Each line below that contains the word "units" must be copied.

(DATA LISTING)

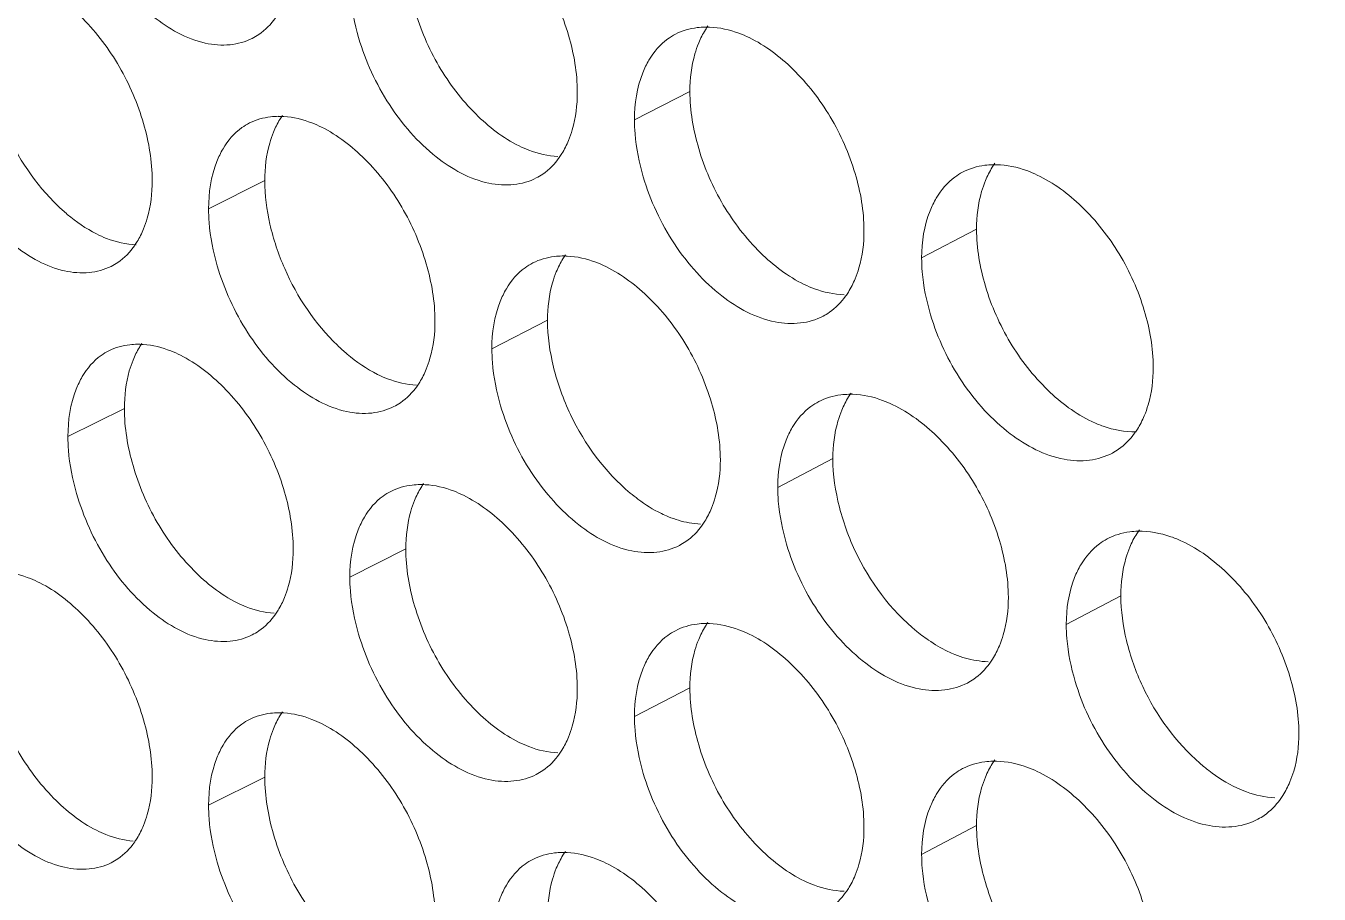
# Model space of a CAD drawing. Header units: millimetres. Extents: x 1177 to 4147, y 93 to 2194.
# Drawn here: x 2580.43 to 2597.5, y 1020.94 to 1032.4 of the extents above; entities that cross this region are included whole.
import ezdxf

# ---------------------------------------------------------------- set-up
doc = ezdxf.new("R2010")
doc.units = ezdxf.units.MM
doc.header["$LTSCALE"] = 0.1
doc.layers.get('0').update_dxf_attribs({"lineweight": 13})
doc.layers.add('标注', color=251, linetype='Continuous', lineweight=9)

# ---------------------------------------------------------------- blocks, each defined once
blk = doc.blocks.new('02')
blk.add_open_spline([(4464.256, 1081.959), (4470.898, 1078.69), (4498.426, 1065.614), (4526.651, 1054.018), (4548.28, 1045.99)], degree=3, knots=[0, 0, 0, 0, 0.242917, 1, 1, 1, 1])
at = {"layer": '标注'}
for p, q in [((4467.979, 1064.892), (4466.934, 1064.354)), ((4459.965, 1063.211), (4458.906, 1062.68)), ((4473.382, 1062.295), (4472.348, 1061.752)), ((4465.295, 1060.576), (4464.246, 1060.04)), ((4457.319, 1058.913), (4456.254, 1058.384)), ((4470.674, 1057.966), (4469.635, 1057.425)), ((4462.624, 1056.265), (4461.569, 1055.732)), ((4476.103, 1055.381), (4475.073, 1054.836)), ((4467.979, 1053.642), (4466.934, 1053.104)), ((4459.965, 1051.961), (4458.906, 1051.43)), ((4473.382, 1051.045), (4472.348, 1050.502))]:
    blk.add_line(p, q, dxfattribs=at)
for centre, radius, start, end in [((4468.29, 1064.608), 1.498, 87.7255, 90.8684), ((4460.232, 1062.954), 1.468, 86.3729, 90.4645), ((4473.723, 1061.993), 1.518, 88.601, 91.1331), ((4465.592, 1060.301), 1.488, 87.2799, 90.7347), ((4457.571, 1058.665), 1.459, 85.9113, 90.3279), ((4471.001, 1057.672), 1.508, 88.1658, 91.0012), ((4462.906, 1055.999), 1.478, 86.8291, 90.6001), ((4468.29, 1053.358), 1.498, 87.7255, 90.8684), ((4460.232, 1051.704), 1.468, 86.3729, 90.4645), ((4473.723, 1050.743), 1.518, 88.601, 91.1331), ((4465.592, 1049.051), 1.488, 87.2799, 90.7347)]:
    blk.add_arc(centre, radius, start, end, dxfattribs=at)
for points, knots in [([(4456.418, 1068.558), (4456.546, 1068.115), (4456.925, 1067.28), (4457.757, 1066.303), (4458.624, 1065.801), (4459.301, 1065.746), (4459.599, 1065.827), (4459.729, 1065.892)], [0, 0, 0, 0, 0.294207, 0.574275, 0.808437, 0.907868, 1, 1, 1, 1]), ([(4465.857, 1064.878), (4465.857, 1065.24), (4465.726, 1065.992), (4465.272, 1067.038), (4464.593, 1067.926), (4464.014, 1068.376), (4463.709, 1068.526)], [0, 0, 0, 0, 0.246547, 0.510848, 0.769286, 1, 1, 1, 1]), ([(4462.624, 1067.515), (4462.624, 1067.152), (4462.754, 1066.401), (4463.204, 1065.353), (4463.879, 1064.465), (4464.456, 1064.014), (4464.76, 1063.865)], [0, 0, 0, 0, 0.246852, 0.511298, 0.769575, 1, 1, 1, 1]), ([(4457.844, 1063.211), (4457.844, 1063.574), (4457.715, 1064.325), (4457.268, 1065.375), (4456.598, 1066.266), (4456.027, 1066.722), (4455.726, 1066.874)], [0, 0, 0, 0, 0.247093, 0.511885, 0.770247, 1, 1, 1, 1]), ([(4461.569, 1066.982), (4461.569, 1066.895), (4461.585, 1066.532), (4461.657, 1066.172), (4461.734, 1065.907)], [0, 0, 0, 0, 0.238599, 1, 1, 1, 1]), ([(4459.729, 1065.892), (4459.772, 1065.914), (4459.942, 1066.014), (4460.083, 1066.161), (4460.169, 1066.283)], [0, 0, 0, 0, 0.244538, 1, 1, 1, 1]), ([(4468.267, 1066.106), (4468.217, 1066.106), (4468.024, 1066.093), (4467.834, 1066.037), (4467.706, 1065.971)], [0, 0, 0, 0, 0.258469, 1, 1, 1, 1]), ([(4468.32, 1066.128), (4468.303, 1066.104), (4468.236, 1066.002), (4468.18, 1065.892), (4468.145, 1065.806)], [0, 0, 0, 0, 0.242804, 1, 1, 1, 1]), ([(4469.094, 1065.908), (4469.032, 1065.938), (4468.795, 1066.04), (4468.538, 1066.098), (4468.349, 1066.105)], [0, 0, 0, 0, 0.266791, 1, 1, 1, 1]), ([(4454.685, 1065.871), (4454.685, 1065.592), (4454.762, 1065.014), (4455.131, 1063.904), (4455.642, 1063.141), (4456.067, 1062.733)], [0, 0, 0, 0, 0.238787, 0.495008, 1, 1, 1, 1]), ([(4461.734, 1065.907), (4461.864, 1065.462), (4462.249, 1064.627), (4463.091, 1063.652), (4463.97, 1063.156), (4464.653, 1063.109), (4464.954, 1063.193), (4465.084, 1063.26)], [0, 0, 0, 0, 0.293319, 0.572966, 0.807416, 0.907301, 1, 1, 1, 1]), ([(4467.706, 1065.971), (4467.656, 1065.945), (4467.456, 1065.822), (4467.298, 1065.637), (4467.208, 1065.484)], [0, 0, 0, 0, 0.243166, 1, 1, 1, 1]), ([(4471.261, 1062.27), (4471.261, 1062.633), (4471.129, 1063.384), (4470.671, 1064.429), (4469.985, 1065.313), (4469.401, 1065.761), (4469.094, 1065.908)], [0, 0, 0, 0, 0.246187, 0.510161, 0.768649, 1, 1, 1, 1]), ([(4468.145, 1065.806), (4468.117, 1065.739), (4468.016, 1065.445), (4467.979, 1065.131), (4467.979, 1064.892)], [0, 0, 0, 0, 0.233432, 1, 1, 1, 1]), ([(4467.208, 1065.484), (4467.163, 1065.407), (4466.993, 1065.054), (4466.934, 1064.655), (4466.934, 1064.354)], [0, 0, 0, 0, 0.22887, 1, 1, 1, 1]), ([(4465.691, 1063.965), (4465.719, 1064.032), (4465.82, 1064.326), (4465.857, 1064.64), (4465.857, 1064.878)], [0, 0, 0, 0, 0.23337, 1, 1, 1, 1]), ([(4467.979, 1064.892), (4467.979, 1064.53), (4468.109, 1063.779), (4468.564, 1062.733), (4469.246, 1061.847), (4469.828, 1061.4), (4470.134, 1061.252)], [0, 0, 0, 0, 0.246491, 0.510612, 0.768939, 1, 1, 1, 1]), ([(4460.221, 1064.423), (4460.172, 1064.422), (4459.986, 1064.411), (4459.802, 1064.359), (4459.679, 1064.297)], [0, 0, 0, 0, 0.258432, 1, 1, 1, 1]), ([(4460.298, 1064.438), (4460.281, 1064.414), (4460.216, 1064.314), (4460.163, 1064.207), (4460.129, 1064.123)], [0, 0, 0, 0, 0.242625, 1, 1, 1, 1]), ([(4461.036, 1064.219), (4460.977, 1064.248), (4460.751, 1064.348), (4460.506, 1064.408), (4460.325, 1064.42)], [0, 0, 0, 0, 0.266738, 1, 1, 1, 1]), ([(4453.778, 1064.269), (4453.905, 1063.825), (4454.28, 1062.992), (4455.002, 1062.143), (4455.671, 1061.681), (4456.166, 1061.49), (4456.644, 1061.449), (4456.941, 1061.529), (4457.07, 1061.593)], [0, 0, 0, 0, 0.294183, 0.574014, 0.698487, 0.809259, 0.908301, 1, 1, 1, 1]), ([(4459.679, 1064.297), (4459.628, 1064.272), (4459.426, 1064.15), (4459.268, 1063.964), (4459.178, 1063.811)], [0, 0, 0, 0, 0.242682, 1, 1, 1, 1]), ([(4463.174, 1060.566), (4463.174, 1060.928), (4463.043, 1061.68), (4462.592, 1062.728), (4461.916, 1063.616), (4461.339, 1064.069), (4461.036, 1064.219)], [0, 0, 0, 0, 0.246729, 0.511193, 0.769606, 1, 1, 1, 1]), ([(4466.934, 1064.354), (4466.934, 1064.268), (4466.95, 1063.905), (4467.022, 1063.545), (4467.1, 1063.28)], [0, 0, 0, 0, 0.238665, 1, 1, 1, 1]), ([(4460.129, 1064.123), (4460.102, 1064.056), (4460.002, 1063.762), (4459.965, 1063.449), (4459.965, 1063.211)], [0, 0, 0, 0, 0.232984, 1, 1, 1, 1]), ([(4465.517, 1063.645), (4465.534, 1063.669), (4465.601, 1063.77), (4465.656, 1063.88), (4465.691, 1063.965)], [0, 0, 0, 0, 0.242757, 1, 1, 1, 1]), ([(4459.178, 1063.811), (4459.133, 1063.734), (4458.964, 1063.381), (4458.906, 1062.981), (4458.906, 1062.68)], [0, 0, 0, 0, 0.228131, 1, 1, 1, 1]), ([(4464.76, 1063.865), (4464.821, 1063.835), (4465.052, 1063.734), (4465.304, 1063.675), (4465.489, 1063.666)], [0, 0, 0, 0, 0.266716, 1, 1, 1, 1]), ([(4465.084, 1063.26), (4465.126, 1063.282), (4465.294, 1063.381), (4465.433, 1063.525), (4465.517, 1063.645)], [0, 0, 0, 0, 0.244921, 1, 1, 1, 1]), ([(4473.693, 1063.51), (4473.642, 1063.509), (4473.444, 1063.495), (4473.249, 1063.437), (4473.119, 1063.369)], [0, 0, 0, 0, 0.258498, 1, 1, 1, 1]), ([(4473.73, 1063.537), (4473.712, 1063.512), (4473.643, 1063.409), (4473.586, 1063.297), (4473.55, 1063.21)], [0, 0, 0, 0, 0.242934, 1, 1, 1, 1]), ([(4474.527, 1063.316), (4474.463, 1063.347), (4474.219, 1063.449), (4473.954, 1063.506), (4473.76, 1063.51)], [0, 0, 0, 0, 0.266809, 1, 1, 1, 1]), ([(4457.68, 1062.299), (4457.707, 1062.366), (4457.807, 1062.66), (4457.844, 1062.973), (4457.844, 1063.211)], [0, 0, 0, 0, 0.232922, 1, 1, 1, 1]), ([(4459.965, 1063.211), (4459.965, 1062.935), (4460.041, 1062.364), (4460.407, 1061.266), (4460.913, 1060.51), (4461.334, 1060.105)], [0, 0, 0, 0, 0.238387, 0.494137, 1, 1, 1, 1]), ([(4467.1, 1063.28), (4467.232, 1062.835), (4467.528, 1062.194), (4468.087, 1061.474), (4468.68, 1060.913), (4469.366, 1060.537), (4470.055, 1060.497), (4470.357, 1060.585), (4470.489, 1060.653)], [0, 0, 0, 0, 0.29218, 0.435922, 0.57205, 0.806581, 0.906826, 1, 1, 1, 1]), ([(4473.119, 1063.369), (4473.069, 1063.342), (4472.87, 1063.218), (4472.713, 1063.033), (4472.623, 1062.881)], [0, 0, 0, 0, 0.243471, 1, 1, 1, 1]), ([(4473.55, 1063.21), (4473.522, 1063.143), (4473.42, 1062.848), (4473.382, 1062.534), (4473.382, 1062.295)], [0, 0, 0, 0, 0.23373, 1, 1, 1, 1]), ([(4476.714, 1059.689), (4476.714, 1060.051), (4476.581, 1060.802), (4476.118, 1061.845), (4475.425, 1062.727), (4474.836, 1063.17), (4474.527, 1063.316)], [0, 0, 0, 0, 0.245829, 0.509477, 0.768016, 1, 1, 1, 1]), ([(4456.067, 1062.733), (4456.124, 1062.678), (4456.346, 1062.478), (4456.595, 1062.305), (4456.791, 1062.206)], [0, 0, 0, 0, 0.264207, 1, 1, 1, 1]), ([(4458.906, 1062.68), (4458.906, 1062.593), (4458.921, 1062.23), (4458.993, 1061.87), (4459.07, 1061.604)], [0, 0, 0, 0, 0.238567, 1, 1, 1, 1]), ([(4472.623, 1062.881), (4472.578, 1062.804), (4472.407, 1062.452), (4472.348, 1062.053), (4472.348, 1061.752)], [0, 0, 0, 0, 0.229361, 1, 1, 1, 1]), ([(4456.791, 1062.206), (4456.854, 1062.174), (4457.092, 1062.067), (4457.352, 1062.007), (4457.543, 1062)], [0, 0, 0, 0, 0.26808, 1, 1, 1, 1]), ([(4457.513, 1061.987), (4457.529, 1062.01), (4457.594, 1062.11), (4457.646, 1062.216), (4457.68, 1062.299)], [0, 0, 0, 0, 0.242584, 1, 1, 1, 1]), ([(4471.094, 1061.357), (4471.122, 1061.424), (4471.224, 1061.718), (4471.261, 1062.032), (4471.261, 1062.27)], [0, 0, 0, 0, 0.233669, 1, 1, 1, 1]), ([(4473.382, 1062.295), (4473.382, 1061.933), (4473.514, 1061.182), (4473.973, 1060.138), (4474.662, 1059.255), (4475.249, 1058.811), (4475.558, 1058.665)], [0, 0, 0, 0, 0.246134, 0.50993, 0.768307, 1, 1, 1, 1]), ([(4457.07, 1061.593), (4457.113, 1061.615), (4457.286, 1061.715), (4457.428, 1061.863), (4457.513, 1061.987)], [0, 0, 0, 0, 0.244338, 1, 1, 1, 1]), ([(4465.573, 1061.789), (4465.523, 1061.788), (4465.333, 1061.776), (4465.144, 1061.721), (4465.018, 1061.657)], [0, 0, 0, 0, 0.258456, 1, 1, 1, 1]), ([(4465.634, 1061.809), (4465.617, 1061.784), (4465.55, 1061.683), (4465.496, 1061.574), (4465.461, 1061.489)], [0, 0, 0, 0, 0.242742, 1, 1, 1, 1]), ([(4466.395, 1061.589), (4466.334, 1061.619), (4466.101, 1061.72), (4465.849, 1061.778), (4465.662, 1061.787)], [0, 0, 0, 0, 0.266777, 1, 1, 1, 1]), ([(4472.348, 1061.752), (4472.348, 1061.665), (4472.364, 1061.303), (4472.437, 1060.943), (4472.516, 1060.679)], [0, 0, 0, 0, 0.238732, 1, 1, 1, 1]), ([(4459.07, 1061.604), (4459.198, 1061.16), (4459.581, 1060.325), (4460.418, 1059.35), (4461.291, 1058.85), (4461.971, 1058.799), (4462.27, 1058.882), (4462.4, 1058.948)], [0, 0, 0, 0, 0.293762, 0.573619, 0.807925, 0.907583, 1, 1, 1, 1]), ([(4465.018, 1061.657), (4464.967, 1061.631), (4464.767, 1061.509), (4464.609, 1061.323), (4464.519, 1061.17)], [0, 0, 0, 0, 0.243008, 1, 1, 1, 1]), ([(4465.461, 1061.489), (4465.433, 1061.422), (4465.332, 1061.128), (4465.295, 1060.814), (4465.295, 1060.576)], [0, 0, 0, 0, 0.233282, 1, 1, 1, 1]), ([(4468.553, 1057.946), (4468.553, 1058.308), (4468.422, 1059.06), (4467.966, 1060.106), (4467.283, 1060.991), (4466.701, 1061.44), (4466.395, 1061.589)], [0, 0, 0, 0, 0.246367, 0.510504, 0.768967, 1, 1, 1, 1]), ([(4470.134, 1061.252), (4470.197, 1061.222), (4470.436, 1061.12), (4470.695, 1061.063), (4470.886, 1061.057)], [0, 0, 0, 0, 0.266739, 1, 1, 1, 1]), ([(4470.915, 1061.032), (4470.933, 1061.056), (4471.002, 1061.159), (4471.058, 1061.27), (4471.094, 1061.357)], [0, 0, 0, 0, 0.242883, 1, 1, 1, 1]), ([(4464.519, 1061.17), (4464.474, 1061.093), (4464.304, 1060.74), (4464.246, 1060.341), (4464.246, 1060.04)], [0, 0, 0, 0, 0.228624, 1, 1, 1, 1]), ([(4470.489, 1060.653), (4470.53, 1060.675), (4470.694, 1060.774), (4470.831, 1060.914), (4470.915, 1061.032)], [0, 0, 0, 0, 0.245281, 1, 1, 1, 1]), ([(4463.008, 1059.653), (4463.036, 1059.72), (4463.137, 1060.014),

(End DATA LISTING)

REPLY TO THE TASK:
# Model space of a CAD drawing. Header units: millimetres. Extents: x 1177 to 4147, y 93 to 2194.
doc.units = ezdxf.units.MM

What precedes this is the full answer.